2021-05-31 03:32:00      ...      
Dask Name: read-parquet, 978 tasks

So far, no issues. But when I call x.max().compute() on it, Dask seems to load the entire dataset into RAM (at least RAM ramps up like crazy) and then crashes. Only looking at max():

x = x.max()
x

Dask Series Structure:
npartitions=1
ACCBL_10    float64
volume          ...
dtype: float64
Dask Name: dataframe-max-agg, 1957 tasks

According to the Dask tutorial https://tutorial.dask.org/04_dataframe.html#Computations-with-dask.dataframe to my understanding this should work just fine though(?)

It also goes out of memory when I try to call max() only on one column:

x.open.max().compute()

Am I doing something wrong or is that how it's supposed to work and I have to do something differently?

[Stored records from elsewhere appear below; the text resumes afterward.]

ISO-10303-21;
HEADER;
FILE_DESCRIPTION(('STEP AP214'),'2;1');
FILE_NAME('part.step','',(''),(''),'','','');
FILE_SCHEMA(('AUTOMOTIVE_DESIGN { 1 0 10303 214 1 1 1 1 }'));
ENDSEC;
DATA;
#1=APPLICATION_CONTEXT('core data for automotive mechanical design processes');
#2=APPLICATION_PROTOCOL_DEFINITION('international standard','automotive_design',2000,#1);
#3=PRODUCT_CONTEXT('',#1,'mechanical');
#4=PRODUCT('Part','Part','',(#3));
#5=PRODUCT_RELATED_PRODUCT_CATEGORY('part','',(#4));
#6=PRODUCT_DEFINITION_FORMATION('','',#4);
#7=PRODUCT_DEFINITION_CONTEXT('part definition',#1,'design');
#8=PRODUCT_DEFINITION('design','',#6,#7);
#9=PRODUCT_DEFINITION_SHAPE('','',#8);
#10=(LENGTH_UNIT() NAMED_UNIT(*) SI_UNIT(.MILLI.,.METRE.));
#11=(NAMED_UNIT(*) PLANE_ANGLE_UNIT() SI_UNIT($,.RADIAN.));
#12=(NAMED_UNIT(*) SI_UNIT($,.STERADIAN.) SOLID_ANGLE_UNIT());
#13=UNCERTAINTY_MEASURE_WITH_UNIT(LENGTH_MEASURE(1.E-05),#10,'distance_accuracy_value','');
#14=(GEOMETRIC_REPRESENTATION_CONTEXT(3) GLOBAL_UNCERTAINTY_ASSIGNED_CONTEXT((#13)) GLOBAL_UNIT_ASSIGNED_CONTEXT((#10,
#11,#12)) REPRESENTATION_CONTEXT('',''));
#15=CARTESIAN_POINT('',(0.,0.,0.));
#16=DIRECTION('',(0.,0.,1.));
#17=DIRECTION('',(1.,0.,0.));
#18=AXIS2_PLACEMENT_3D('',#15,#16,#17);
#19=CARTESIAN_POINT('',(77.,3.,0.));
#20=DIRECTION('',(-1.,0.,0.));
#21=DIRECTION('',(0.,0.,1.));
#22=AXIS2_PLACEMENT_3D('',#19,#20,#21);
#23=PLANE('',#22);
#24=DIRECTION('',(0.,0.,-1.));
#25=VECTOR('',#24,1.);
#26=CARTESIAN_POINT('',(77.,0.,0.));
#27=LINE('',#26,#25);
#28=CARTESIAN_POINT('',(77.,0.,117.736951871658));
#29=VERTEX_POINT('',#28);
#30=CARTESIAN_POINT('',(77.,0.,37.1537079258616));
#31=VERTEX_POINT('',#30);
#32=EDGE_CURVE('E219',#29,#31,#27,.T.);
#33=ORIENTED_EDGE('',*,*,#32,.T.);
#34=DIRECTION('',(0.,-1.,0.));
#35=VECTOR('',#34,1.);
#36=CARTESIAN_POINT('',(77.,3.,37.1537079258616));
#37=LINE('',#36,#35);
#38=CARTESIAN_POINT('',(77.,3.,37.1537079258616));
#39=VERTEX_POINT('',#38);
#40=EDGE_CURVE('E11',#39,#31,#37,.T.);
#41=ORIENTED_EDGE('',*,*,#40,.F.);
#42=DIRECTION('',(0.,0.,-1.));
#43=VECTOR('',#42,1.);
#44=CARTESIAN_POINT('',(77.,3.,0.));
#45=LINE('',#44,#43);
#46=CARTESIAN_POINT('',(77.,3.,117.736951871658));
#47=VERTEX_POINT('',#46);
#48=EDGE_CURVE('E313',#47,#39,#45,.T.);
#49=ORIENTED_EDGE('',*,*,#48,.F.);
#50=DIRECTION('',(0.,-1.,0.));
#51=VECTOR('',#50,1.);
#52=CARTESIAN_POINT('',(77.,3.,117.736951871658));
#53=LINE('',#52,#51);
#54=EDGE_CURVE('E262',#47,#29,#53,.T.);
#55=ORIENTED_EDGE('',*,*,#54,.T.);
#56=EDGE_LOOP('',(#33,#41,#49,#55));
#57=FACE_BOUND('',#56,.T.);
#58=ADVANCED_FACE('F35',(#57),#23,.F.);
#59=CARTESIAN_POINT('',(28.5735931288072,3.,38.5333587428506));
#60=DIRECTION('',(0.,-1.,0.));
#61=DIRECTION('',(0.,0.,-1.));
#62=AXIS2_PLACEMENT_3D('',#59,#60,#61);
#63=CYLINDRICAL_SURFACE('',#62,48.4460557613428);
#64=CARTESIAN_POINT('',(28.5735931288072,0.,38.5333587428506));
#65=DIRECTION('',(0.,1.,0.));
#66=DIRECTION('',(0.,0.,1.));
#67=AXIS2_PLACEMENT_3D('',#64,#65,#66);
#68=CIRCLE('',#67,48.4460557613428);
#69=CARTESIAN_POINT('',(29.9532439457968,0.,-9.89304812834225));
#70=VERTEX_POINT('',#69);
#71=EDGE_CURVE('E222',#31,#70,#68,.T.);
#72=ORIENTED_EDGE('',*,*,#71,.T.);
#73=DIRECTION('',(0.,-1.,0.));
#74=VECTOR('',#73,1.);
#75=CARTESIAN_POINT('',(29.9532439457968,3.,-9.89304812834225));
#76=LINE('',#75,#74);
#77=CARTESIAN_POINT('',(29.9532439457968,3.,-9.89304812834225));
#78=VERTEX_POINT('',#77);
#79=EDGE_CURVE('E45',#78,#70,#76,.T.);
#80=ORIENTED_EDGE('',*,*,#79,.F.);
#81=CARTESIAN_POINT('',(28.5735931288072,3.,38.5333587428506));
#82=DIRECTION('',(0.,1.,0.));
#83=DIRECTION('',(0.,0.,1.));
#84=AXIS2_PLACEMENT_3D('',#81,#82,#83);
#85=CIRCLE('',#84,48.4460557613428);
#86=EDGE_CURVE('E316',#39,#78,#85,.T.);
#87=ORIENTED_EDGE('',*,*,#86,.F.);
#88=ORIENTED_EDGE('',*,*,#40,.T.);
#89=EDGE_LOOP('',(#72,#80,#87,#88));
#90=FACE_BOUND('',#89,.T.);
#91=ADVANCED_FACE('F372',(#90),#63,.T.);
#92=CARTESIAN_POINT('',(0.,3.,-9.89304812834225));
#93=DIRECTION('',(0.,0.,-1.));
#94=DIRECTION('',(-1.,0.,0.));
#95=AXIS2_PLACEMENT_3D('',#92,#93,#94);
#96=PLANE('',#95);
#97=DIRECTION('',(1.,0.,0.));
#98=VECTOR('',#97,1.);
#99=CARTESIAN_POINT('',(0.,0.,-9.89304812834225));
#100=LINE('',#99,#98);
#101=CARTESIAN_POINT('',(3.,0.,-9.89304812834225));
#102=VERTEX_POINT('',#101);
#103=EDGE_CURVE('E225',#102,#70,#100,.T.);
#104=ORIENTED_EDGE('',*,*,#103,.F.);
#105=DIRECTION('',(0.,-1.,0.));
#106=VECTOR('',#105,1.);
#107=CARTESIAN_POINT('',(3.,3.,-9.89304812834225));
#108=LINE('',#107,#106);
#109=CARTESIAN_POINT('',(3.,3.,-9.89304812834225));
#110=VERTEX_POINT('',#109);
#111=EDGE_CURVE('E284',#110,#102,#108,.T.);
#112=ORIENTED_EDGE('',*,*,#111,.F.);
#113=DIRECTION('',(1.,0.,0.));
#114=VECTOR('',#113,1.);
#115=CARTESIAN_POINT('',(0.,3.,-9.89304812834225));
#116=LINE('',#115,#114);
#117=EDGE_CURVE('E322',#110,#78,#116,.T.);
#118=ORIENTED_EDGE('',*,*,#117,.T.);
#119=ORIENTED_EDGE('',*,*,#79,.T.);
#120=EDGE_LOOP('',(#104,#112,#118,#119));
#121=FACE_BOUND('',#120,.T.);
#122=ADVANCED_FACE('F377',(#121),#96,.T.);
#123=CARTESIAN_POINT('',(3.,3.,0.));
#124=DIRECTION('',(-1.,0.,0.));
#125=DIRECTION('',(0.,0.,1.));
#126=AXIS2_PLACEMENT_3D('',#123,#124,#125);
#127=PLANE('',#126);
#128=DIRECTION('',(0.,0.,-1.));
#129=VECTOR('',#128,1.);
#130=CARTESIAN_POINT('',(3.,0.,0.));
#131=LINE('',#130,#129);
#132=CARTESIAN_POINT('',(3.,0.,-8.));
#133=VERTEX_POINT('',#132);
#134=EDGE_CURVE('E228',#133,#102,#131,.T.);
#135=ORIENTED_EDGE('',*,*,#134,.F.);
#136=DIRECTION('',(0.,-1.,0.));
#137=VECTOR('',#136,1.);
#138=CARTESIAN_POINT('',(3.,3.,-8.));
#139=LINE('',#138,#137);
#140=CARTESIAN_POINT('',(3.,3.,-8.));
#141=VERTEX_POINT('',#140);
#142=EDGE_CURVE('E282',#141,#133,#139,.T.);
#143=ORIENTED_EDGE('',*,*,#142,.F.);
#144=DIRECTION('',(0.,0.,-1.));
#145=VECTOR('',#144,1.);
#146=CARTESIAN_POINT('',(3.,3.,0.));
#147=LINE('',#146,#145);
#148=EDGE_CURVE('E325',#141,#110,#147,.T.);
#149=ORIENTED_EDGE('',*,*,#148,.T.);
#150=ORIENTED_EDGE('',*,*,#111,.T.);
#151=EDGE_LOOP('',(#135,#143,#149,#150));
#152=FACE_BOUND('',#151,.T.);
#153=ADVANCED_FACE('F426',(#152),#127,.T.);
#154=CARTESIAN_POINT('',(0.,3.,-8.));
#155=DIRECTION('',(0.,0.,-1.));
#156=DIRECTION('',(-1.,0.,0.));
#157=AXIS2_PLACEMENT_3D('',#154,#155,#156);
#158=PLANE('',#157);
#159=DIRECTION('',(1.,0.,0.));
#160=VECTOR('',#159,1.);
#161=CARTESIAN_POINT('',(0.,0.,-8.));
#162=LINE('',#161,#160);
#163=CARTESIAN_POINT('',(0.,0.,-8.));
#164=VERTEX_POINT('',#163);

I now also tried to use the distributed system and limit the Client to 10GB, but again Dask eats 24GB of RAM and just prints a warning that the worker group is completely exceeding the set memory limit:

if __name__ == '__main__':

    client = Client(processes=False, memory_limit='5GB')

    x = dd.read_parquet(path + 'ohlcv_TRX-PERP_978627_rowgrouped.prq')
    print(x)
    s = x.max().compute()
    print(s)


distributed.worker - WARNING - Memory use is high but worker has no data to store to disk.  Perhaps some other process is leaking memory?  Process memory: 24.13 GB -- Worker memory limit: 5.00 GB
SultanOrazbayev
  • 14,900
  • 3
  • 16
  • 46
  • Do you know if you are using fastparquet or pyarrow as the parquet engine? You may want to try the other. To get max of only one column, providing `columns=` to `read_parquet` will make sure you don't load unnecessary data. How many cores do you have? Try running with fewer workers than cores. – mdurant Jun 18 '21 at 20:47

1 Answers1

0

If possible, I would save the parquet into multiple files (size-wise depends on your hardware, but around 100-200 MB per partition would be good on a laptop). If that is not an option, then try the following:

x.open.max(split_every=2).compute()

What this does is ask dask to compute max value for each partition and then compare max value for every 2 partitions, which reduces memory footprint at the expense of having more tasks to run. You can play around with the split_every number to see if a higher value is tolerable on your hardware, but hopefully 2 will work.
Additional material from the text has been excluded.